La decisione che abolisce il «trascinamento» all'infinito dei «debiti» rientra in questa logica. Spetta ora a presidi e insegnanti fare la loro parte, organizzando bene i corsi gratuiti di sostegno per i quali la Finanziaria ha stanziato i fondi, ferma restando la libertà per le famiglie che lo desiderino pagarsi delle ripetizioni private. Elementare norma di buon senso che ha destato i rimbrotti di chi paventa la privatizzazione degli studi. Ma in nome di quale principio costituzionale si potrebbe vietare ad un genitore di far impartire a pagamento lezioni supplementari ai suoi figli? A meno di non rassegnarsi alla paradossale conclusione di un gruppo di insegnanti dell'istituto Planck di Lancenigo (Treviso) che in una lunga lettera preannunciano l'esplosione del «meccanismo ad orologeria innescato nelle scuole» dall'ordinanza ministeriale destinata, a parer loro, a devastare le casse dello Stato, l'industria del turismo estivo e le famiglie, impossibilitate ad organizzare le ferie. Tutto per un «obiettivo impraticabile», dato che la carenza in questa o quella materia, proprio perché circoscritta, è «imputabile a varie cause genetiche ed ambientali (sic!)». C'è da arguire che il richiamo alle «cause genetiche e ambientali» sia indotto dalle teorie messe in atto dal famigerato sindaco Gentilini nel vicino capoluogo? Ma in questo caso ne sarebbero succubi i docenti firmatari ancor più dei discenti. L'urgenza della svolta impressa dall'attuale ministro è stata, del resto, comprovata dal rapporto Pisa (Ocse 2006) che declassa i nostri studenti al 33 posto per le competenze di lettura, al 36 per la cultura scientifica e al 38 per la matematica. Un recente libro che gli educatori dovrebbero compulsare, «Le valutazioni internazionali e la scuola italiana», di Bolletta e Pozio (Zanichelli 2008) spiega a fondo i criteri di indagine.

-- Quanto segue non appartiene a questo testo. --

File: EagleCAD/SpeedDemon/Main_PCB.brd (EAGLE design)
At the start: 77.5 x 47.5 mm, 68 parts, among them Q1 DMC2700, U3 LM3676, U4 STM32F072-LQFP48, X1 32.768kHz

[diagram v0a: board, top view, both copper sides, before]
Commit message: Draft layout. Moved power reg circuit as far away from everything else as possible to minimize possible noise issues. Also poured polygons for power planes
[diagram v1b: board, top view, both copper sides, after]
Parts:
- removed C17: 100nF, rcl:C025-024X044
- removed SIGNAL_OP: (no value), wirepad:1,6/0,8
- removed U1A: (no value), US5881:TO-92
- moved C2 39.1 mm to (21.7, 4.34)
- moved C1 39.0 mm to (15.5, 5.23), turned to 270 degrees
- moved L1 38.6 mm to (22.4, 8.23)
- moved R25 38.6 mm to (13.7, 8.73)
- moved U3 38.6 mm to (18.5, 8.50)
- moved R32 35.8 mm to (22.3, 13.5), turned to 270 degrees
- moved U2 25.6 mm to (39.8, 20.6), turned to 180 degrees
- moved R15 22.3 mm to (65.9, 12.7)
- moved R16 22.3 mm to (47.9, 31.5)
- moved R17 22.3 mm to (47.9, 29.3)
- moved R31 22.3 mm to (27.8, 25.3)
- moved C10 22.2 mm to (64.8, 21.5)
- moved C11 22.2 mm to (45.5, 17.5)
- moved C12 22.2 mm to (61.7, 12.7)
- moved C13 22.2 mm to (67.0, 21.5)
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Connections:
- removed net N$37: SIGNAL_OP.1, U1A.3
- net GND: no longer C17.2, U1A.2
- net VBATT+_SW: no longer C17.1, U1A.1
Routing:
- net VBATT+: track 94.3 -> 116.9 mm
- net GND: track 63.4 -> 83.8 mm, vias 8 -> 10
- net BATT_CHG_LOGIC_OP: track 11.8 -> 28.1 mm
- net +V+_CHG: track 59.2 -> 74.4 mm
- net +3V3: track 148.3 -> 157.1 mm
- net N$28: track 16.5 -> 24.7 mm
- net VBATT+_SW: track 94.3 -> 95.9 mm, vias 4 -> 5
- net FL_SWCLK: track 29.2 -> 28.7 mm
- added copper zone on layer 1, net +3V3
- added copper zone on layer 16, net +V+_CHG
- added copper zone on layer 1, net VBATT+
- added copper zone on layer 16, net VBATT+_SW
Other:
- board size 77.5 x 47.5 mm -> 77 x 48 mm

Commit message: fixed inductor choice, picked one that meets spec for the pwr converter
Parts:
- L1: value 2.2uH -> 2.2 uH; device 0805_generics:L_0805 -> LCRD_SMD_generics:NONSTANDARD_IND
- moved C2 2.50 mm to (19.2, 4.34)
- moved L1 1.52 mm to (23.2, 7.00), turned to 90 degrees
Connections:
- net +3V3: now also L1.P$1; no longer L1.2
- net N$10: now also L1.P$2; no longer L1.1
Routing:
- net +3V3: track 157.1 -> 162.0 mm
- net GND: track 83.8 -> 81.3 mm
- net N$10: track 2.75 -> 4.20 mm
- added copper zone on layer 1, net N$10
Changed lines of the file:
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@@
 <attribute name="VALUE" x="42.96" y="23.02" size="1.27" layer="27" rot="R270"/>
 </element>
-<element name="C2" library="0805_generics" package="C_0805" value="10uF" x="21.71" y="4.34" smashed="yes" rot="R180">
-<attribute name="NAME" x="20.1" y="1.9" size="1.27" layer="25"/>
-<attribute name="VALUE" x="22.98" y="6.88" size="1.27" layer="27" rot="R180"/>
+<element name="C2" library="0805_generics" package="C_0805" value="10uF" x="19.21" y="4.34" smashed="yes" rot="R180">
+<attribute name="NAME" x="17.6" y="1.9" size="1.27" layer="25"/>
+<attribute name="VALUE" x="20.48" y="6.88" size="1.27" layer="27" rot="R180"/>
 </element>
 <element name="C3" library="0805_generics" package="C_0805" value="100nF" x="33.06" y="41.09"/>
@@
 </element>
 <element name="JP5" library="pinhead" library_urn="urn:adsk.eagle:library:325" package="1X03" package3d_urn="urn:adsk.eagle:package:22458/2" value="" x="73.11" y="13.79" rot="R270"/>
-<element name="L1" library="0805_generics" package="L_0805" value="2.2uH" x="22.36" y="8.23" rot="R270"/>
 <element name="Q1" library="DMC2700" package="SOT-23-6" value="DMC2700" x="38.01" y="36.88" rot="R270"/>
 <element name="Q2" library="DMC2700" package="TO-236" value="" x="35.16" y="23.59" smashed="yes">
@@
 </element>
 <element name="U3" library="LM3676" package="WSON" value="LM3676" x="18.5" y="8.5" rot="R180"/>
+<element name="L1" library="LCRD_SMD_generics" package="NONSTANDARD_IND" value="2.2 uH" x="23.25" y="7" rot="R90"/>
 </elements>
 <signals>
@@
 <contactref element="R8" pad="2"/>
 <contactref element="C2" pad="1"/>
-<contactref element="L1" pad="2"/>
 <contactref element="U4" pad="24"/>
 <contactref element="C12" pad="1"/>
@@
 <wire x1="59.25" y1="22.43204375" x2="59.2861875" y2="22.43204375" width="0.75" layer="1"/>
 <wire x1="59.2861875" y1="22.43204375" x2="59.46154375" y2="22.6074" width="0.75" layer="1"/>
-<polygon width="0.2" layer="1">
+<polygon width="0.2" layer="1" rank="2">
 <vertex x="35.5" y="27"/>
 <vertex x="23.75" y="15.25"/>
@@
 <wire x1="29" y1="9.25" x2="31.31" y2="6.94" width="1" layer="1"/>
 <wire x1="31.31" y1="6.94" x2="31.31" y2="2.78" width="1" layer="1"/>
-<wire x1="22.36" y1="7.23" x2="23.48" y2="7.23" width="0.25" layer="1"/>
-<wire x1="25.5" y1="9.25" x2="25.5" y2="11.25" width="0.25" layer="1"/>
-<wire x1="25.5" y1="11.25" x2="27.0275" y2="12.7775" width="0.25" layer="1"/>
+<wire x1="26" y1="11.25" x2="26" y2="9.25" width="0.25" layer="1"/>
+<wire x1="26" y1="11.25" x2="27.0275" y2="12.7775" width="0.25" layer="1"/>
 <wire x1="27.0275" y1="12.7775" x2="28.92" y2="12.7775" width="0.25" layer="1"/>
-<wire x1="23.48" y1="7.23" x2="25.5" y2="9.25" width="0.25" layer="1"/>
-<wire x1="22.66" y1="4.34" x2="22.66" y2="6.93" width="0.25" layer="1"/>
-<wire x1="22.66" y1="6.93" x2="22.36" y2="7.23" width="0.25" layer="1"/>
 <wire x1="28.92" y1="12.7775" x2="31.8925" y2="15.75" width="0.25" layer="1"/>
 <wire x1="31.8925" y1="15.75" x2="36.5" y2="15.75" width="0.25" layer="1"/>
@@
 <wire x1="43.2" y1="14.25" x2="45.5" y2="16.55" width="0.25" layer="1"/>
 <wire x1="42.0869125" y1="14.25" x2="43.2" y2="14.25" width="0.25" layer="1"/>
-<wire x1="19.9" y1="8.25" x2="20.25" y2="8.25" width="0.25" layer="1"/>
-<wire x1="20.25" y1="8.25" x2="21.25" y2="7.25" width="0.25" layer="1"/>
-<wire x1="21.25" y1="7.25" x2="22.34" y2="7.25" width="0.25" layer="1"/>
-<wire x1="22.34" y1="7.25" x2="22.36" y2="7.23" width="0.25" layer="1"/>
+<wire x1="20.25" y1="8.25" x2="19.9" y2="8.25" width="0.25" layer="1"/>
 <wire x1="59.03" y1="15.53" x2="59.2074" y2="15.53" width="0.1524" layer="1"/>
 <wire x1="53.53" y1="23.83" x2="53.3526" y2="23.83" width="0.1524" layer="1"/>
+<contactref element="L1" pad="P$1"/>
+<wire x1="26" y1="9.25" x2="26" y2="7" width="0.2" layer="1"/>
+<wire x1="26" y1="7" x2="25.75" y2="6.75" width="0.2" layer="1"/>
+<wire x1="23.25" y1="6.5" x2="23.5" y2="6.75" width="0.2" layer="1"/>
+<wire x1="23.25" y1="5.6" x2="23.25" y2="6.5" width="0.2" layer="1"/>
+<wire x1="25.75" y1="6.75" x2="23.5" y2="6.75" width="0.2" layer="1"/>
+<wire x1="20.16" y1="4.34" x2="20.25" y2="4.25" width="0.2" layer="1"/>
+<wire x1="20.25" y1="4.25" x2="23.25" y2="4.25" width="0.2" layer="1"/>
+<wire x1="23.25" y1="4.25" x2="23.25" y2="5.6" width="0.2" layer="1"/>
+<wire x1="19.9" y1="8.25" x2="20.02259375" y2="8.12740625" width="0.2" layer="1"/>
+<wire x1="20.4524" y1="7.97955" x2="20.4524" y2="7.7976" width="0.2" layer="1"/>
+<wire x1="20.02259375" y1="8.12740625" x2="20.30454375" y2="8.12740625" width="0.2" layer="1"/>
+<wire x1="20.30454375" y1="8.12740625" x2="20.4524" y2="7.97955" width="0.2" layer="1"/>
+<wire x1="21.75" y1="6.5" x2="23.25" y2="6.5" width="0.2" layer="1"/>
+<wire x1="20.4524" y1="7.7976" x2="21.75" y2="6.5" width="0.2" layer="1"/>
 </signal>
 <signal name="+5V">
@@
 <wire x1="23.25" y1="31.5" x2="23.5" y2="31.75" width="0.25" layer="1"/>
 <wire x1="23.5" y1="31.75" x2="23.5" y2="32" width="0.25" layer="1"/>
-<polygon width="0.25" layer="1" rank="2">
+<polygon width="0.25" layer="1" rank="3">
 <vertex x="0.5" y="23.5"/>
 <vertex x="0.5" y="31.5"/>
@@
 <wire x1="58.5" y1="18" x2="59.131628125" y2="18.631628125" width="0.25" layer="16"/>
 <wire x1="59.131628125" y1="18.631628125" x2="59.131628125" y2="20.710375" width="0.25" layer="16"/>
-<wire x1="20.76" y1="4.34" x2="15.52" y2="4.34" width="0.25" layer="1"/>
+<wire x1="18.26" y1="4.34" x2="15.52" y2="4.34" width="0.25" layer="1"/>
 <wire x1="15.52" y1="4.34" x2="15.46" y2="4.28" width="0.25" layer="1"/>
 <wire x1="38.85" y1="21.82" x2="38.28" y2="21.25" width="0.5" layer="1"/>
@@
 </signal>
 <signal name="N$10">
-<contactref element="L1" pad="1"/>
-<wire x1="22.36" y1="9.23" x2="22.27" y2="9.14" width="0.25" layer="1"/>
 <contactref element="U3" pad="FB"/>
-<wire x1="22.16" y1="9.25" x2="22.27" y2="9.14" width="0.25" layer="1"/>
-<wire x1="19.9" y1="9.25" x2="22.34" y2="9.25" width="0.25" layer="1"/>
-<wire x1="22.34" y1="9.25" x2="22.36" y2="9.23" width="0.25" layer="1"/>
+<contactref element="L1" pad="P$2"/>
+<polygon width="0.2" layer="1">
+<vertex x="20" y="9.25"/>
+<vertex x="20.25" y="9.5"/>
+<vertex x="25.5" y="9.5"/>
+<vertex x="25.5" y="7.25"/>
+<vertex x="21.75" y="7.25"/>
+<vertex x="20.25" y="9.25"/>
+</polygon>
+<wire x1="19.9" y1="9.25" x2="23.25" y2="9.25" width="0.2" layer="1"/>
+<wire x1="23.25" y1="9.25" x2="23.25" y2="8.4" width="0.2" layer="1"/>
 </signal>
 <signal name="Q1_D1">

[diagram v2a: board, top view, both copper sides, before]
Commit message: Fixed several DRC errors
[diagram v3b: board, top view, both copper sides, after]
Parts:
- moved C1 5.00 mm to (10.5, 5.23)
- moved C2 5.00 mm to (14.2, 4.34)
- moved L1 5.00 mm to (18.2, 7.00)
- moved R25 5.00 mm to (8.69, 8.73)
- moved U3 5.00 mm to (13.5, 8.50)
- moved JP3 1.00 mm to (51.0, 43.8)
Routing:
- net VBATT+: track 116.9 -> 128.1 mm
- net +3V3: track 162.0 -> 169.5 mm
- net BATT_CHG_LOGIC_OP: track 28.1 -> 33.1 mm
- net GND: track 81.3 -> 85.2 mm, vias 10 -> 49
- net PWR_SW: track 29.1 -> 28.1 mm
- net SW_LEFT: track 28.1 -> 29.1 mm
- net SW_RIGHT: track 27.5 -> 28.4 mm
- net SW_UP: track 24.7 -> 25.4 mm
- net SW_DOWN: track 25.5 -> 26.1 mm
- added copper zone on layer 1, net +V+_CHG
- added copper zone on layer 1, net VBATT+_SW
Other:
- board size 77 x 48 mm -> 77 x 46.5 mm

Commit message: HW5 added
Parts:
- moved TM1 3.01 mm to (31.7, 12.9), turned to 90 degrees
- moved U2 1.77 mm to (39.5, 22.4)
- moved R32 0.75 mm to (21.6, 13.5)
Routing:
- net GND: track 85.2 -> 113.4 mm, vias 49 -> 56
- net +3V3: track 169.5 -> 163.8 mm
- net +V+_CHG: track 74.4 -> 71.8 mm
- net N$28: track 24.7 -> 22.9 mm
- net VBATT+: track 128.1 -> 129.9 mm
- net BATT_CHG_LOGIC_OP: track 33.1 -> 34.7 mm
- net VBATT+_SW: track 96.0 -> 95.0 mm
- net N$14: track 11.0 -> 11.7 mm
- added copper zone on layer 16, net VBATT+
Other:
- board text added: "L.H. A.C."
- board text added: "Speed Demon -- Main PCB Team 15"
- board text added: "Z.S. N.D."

In particolare la valutazione del Pisa (Programme for International Student Assessment) è incentrata quest'anno su quanto i giovani debbono sapere una volta usciti dalla scuola. Ad esempio, se le competenze di lettura sono basse, ne deriva anche l'incapacità di usare Internet «che richiede abilità che vanno ben oltre la decodifica: scorrere rapidamente testi anche lunghi e complessi, giudicare quali informazioni, nella massa di quelle disponibili in rete siano affidabili ed esaustive, selezionare quelle pertinenti per i propri scopi. Compiti che evidenziano tra l'altro l'importanza del pensiero critico nella competenza di lettura». Ebbene, secondo Pisa, se nel 2000 il 44,5% dei ragazzi italiani non era in grado di capire neppure un minimo di quel che leggeva, oggi la percentuale è salita al 50,9%. Un fatto genetico?